In the epic science fiction movie 2001: A Space Odyssey, producer and director Stanley Kubrick and sci-fi author Arthur C Clarke envisioned the creation of “artificial gravity” using a monumental centrifuge — a giant spinning drum fitted with control consoles and furniture for astronauts. That movie was released way back in 1968.
Fifty-four years later, Orbital Assembly Corporation, following the movie’s footsteps, recently announced a plan to develop a space business park (hotel), complete with the so-called artificial gravity and designed to accommodate 28 guests, in five modules built around a spinning “gravity” ring. It plans to simulate a sixth of Earth’s gravity.
The California-based start-up aims to make its first Pioneer-class space station operational by 2025 — an ambitious target, if not unrealistic. Notwithstanding the ginormous claims, and a maze of scientific mumbo jumbo, is the creation of artificial gravity even possible?
The idea of using artificial gravity within a spacecraft is certainly intriguing. According to many scientific experts, simulating Earth’s gravity (even a fraction of it) and countering weightlessness would help keep astronauts healthy on long trips, preventing loss of bone density and muscle atrophy, to Mars and even further. Also, fluids in the body shift upward to the head in microgravity, which may put pressure on the eyes and cause vision problems.
The impact of microgravity on humans’ physical and mental health is unfathomable and ensuring artificial gravity shall help humanity settle on celestial bodies beyond Earth. Sadly, there is no confirmed technology at present that can simulate gravity, other than actual mass or acceleration.
But there are several proposals at play. The first and considered most feasible is making a spaceship rotate. Remember a carnival ride: When we are inside a large, spinning object, we feel a pull toward the outside wall. This is because of inertia or the pseudo “centrifugal force” in such a scenario — the basis of the solution to artificial gravity in 2001: A Space Odyssey.
A 2013 piece in Wired on how artificial gravity worked inside the iconic spaceship shown in Kubrick’s movie explained that the spinning centrifuge’s function should actually be to counteract the weightlessness astronauts feel in space. “Really, a spinning spacecraft could produce an artificial apparent weight — but not artificial gravity,” wrote Rhett Allain, professor of physics at Southeastern Louisiana University. Similarly, centripetal acceleration could be used and a person on board would feel the outer hull of a spaceship pushing him/her towards the centre.
But there is an issue of size with such a solution. With rotating spacecraft, the radius of rotation grows with the square of the orbital period. “If you wanted to simulate Earth’s gravity, for example, you would need a radius of 56m if the orbital period was 15 seconds. A period of 30 seconds would need a 224-m radius and so on. As delivery of materials to space is very expensive, at present, designs would need to reduce mass as much as possible. Ship designs could also assist to keep the material needed to a minimum,” explains an article in interestingengineering.com.
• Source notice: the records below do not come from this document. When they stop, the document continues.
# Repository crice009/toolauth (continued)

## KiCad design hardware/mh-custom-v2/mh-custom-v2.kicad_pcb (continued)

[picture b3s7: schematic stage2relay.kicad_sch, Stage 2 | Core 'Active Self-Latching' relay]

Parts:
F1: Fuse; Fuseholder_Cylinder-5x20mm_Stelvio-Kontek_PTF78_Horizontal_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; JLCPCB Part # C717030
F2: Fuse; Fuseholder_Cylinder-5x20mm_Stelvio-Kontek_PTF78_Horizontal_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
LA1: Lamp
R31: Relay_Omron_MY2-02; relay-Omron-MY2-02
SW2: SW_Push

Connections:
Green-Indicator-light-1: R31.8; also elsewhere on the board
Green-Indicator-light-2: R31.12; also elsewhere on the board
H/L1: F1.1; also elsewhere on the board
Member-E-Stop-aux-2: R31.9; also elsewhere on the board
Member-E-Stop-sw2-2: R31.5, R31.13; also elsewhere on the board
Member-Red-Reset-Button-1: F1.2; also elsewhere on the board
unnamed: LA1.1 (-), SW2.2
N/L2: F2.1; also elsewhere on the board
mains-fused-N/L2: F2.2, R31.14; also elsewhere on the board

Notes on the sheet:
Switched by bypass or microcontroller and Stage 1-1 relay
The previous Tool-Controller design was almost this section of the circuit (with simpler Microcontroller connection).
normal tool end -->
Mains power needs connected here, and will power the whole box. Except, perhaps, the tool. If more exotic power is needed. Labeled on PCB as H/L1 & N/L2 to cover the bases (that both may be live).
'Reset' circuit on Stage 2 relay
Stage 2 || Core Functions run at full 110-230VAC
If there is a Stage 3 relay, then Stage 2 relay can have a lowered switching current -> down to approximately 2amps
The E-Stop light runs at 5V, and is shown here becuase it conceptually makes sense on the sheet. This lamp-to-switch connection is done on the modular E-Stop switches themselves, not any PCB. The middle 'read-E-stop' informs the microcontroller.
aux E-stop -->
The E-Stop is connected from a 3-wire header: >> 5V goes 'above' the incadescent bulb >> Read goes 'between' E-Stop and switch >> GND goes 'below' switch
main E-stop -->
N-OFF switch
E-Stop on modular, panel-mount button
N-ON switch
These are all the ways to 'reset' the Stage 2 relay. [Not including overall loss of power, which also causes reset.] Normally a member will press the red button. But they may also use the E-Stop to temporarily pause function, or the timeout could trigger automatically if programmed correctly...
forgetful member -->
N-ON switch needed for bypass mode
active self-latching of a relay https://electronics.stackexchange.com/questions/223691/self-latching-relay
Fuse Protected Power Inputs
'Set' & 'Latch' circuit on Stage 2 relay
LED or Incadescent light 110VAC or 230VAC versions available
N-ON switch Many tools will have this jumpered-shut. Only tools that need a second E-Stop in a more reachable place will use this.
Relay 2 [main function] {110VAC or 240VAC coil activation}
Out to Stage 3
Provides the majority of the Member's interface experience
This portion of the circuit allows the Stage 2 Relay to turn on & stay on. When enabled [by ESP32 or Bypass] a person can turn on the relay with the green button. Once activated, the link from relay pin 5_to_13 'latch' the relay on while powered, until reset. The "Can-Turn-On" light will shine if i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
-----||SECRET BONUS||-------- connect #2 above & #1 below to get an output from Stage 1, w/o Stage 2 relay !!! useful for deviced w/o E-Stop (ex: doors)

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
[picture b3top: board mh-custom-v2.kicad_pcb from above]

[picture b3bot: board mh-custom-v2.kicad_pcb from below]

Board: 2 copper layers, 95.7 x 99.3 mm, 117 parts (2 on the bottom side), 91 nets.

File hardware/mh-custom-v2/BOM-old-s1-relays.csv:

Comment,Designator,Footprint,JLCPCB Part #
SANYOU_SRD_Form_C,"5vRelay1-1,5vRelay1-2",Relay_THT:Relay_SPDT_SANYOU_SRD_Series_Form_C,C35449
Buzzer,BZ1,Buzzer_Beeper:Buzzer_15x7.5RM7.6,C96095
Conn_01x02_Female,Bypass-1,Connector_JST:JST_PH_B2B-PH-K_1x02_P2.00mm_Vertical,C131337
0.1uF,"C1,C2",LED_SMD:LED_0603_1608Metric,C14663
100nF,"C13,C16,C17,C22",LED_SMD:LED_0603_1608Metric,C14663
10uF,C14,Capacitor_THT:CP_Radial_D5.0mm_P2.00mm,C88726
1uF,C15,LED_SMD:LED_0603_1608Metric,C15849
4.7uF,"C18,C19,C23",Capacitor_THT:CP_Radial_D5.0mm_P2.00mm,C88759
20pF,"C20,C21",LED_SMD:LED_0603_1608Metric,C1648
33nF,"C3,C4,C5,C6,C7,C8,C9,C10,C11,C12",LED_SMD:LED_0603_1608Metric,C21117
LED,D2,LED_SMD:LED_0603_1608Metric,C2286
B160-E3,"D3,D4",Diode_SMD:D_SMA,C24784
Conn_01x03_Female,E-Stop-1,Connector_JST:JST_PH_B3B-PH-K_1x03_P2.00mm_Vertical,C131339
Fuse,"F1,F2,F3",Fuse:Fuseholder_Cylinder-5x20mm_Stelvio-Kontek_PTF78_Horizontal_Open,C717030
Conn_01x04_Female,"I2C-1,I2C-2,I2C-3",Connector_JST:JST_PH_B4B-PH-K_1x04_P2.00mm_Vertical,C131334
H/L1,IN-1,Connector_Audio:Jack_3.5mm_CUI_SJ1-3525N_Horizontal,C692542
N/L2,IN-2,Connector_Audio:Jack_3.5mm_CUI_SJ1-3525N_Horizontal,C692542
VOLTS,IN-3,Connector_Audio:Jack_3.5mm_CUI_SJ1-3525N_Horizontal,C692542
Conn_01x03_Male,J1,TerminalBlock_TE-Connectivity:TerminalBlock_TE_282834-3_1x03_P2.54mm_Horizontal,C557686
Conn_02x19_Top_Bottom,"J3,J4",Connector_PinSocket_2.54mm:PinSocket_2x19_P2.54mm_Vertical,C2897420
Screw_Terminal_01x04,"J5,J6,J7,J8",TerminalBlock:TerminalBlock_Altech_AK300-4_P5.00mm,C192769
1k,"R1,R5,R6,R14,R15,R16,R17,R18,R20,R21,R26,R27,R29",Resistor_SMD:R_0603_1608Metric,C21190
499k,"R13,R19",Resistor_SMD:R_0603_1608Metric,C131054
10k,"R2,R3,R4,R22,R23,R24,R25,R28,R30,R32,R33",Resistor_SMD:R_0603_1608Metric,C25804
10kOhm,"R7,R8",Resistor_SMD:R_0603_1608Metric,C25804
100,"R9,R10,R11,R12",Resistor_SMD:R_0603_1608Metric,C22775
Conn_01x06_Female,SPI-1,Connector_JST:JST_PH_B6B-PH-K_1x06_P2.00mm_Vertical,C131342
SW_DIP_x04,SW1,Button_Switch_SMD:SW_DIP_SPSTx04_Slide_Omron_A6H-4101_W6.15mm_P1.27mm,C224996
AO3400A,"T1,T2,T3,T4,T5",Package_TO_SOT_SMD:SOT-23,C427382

When looked at for setting up space colonies, however, this centrifuge solution is worth considering. Called the O’Neill system, after Gerard K O’Neill, a Princeton University physicist, who gained fame in the 1970s for his detailed concepts for human settlements in space, this idea caught the attention of Jeff Bezos, founder of Amazon and space company Blue Origin. He once showed interest in building O’Neill cylinders, but nothing happened thereafter in that regard.
Another approach could be to use electricity and magnetism as a way of substituting for gravity. This can be done via creating a magnetic field by running electricity in circles (this would produce magnetism). Astronauts would wear metal boots and the magnetic attraction should allow them to walk on the floor. But this method could be extremely power-sapping, a no-no in a spacecraft where every resource is limited. Also, being stuck to the floor isn’t the same as gravity.
According to Mika McKinnon, physicist at Search for Extraterrestrial Intelligence Institute, scientists could try to harness real gravity. Everything with mass has gravity. “Build yourself a planet and then you’ve got enough gravity,” she noted (www.sciencenewsforstudents.org). That, of course, is easier said than done.
The key might be to get a lot of mass into a very small area. “A teaspoon of neutron-star material might be enough to give us gravity… or a tiny pencil prick of a black hole,” she said. Neither feasible nor possible currently.
Another idea is making gravity generators. In the 1990s, Eugene Podkletnov, a Russian engineer, claimed to have designed and demonstrated gravitomagnetic devices consisting of rotating discs constructed from ceramic superconducting materials. But this couldn't be verified by third parties. In 2006, another research group created a similar device but that resulted in “creation” of only around 0.0001g. The process wasn’t replicated. However, string theory does predict that gravity and electromagnetism could be unified in hidden dimensions and act as a way to “generate” gravity in the future. But all the above-mentioned solutions to artificial gravity are in the realms of concept and fiction — and a tall order for the laws of science.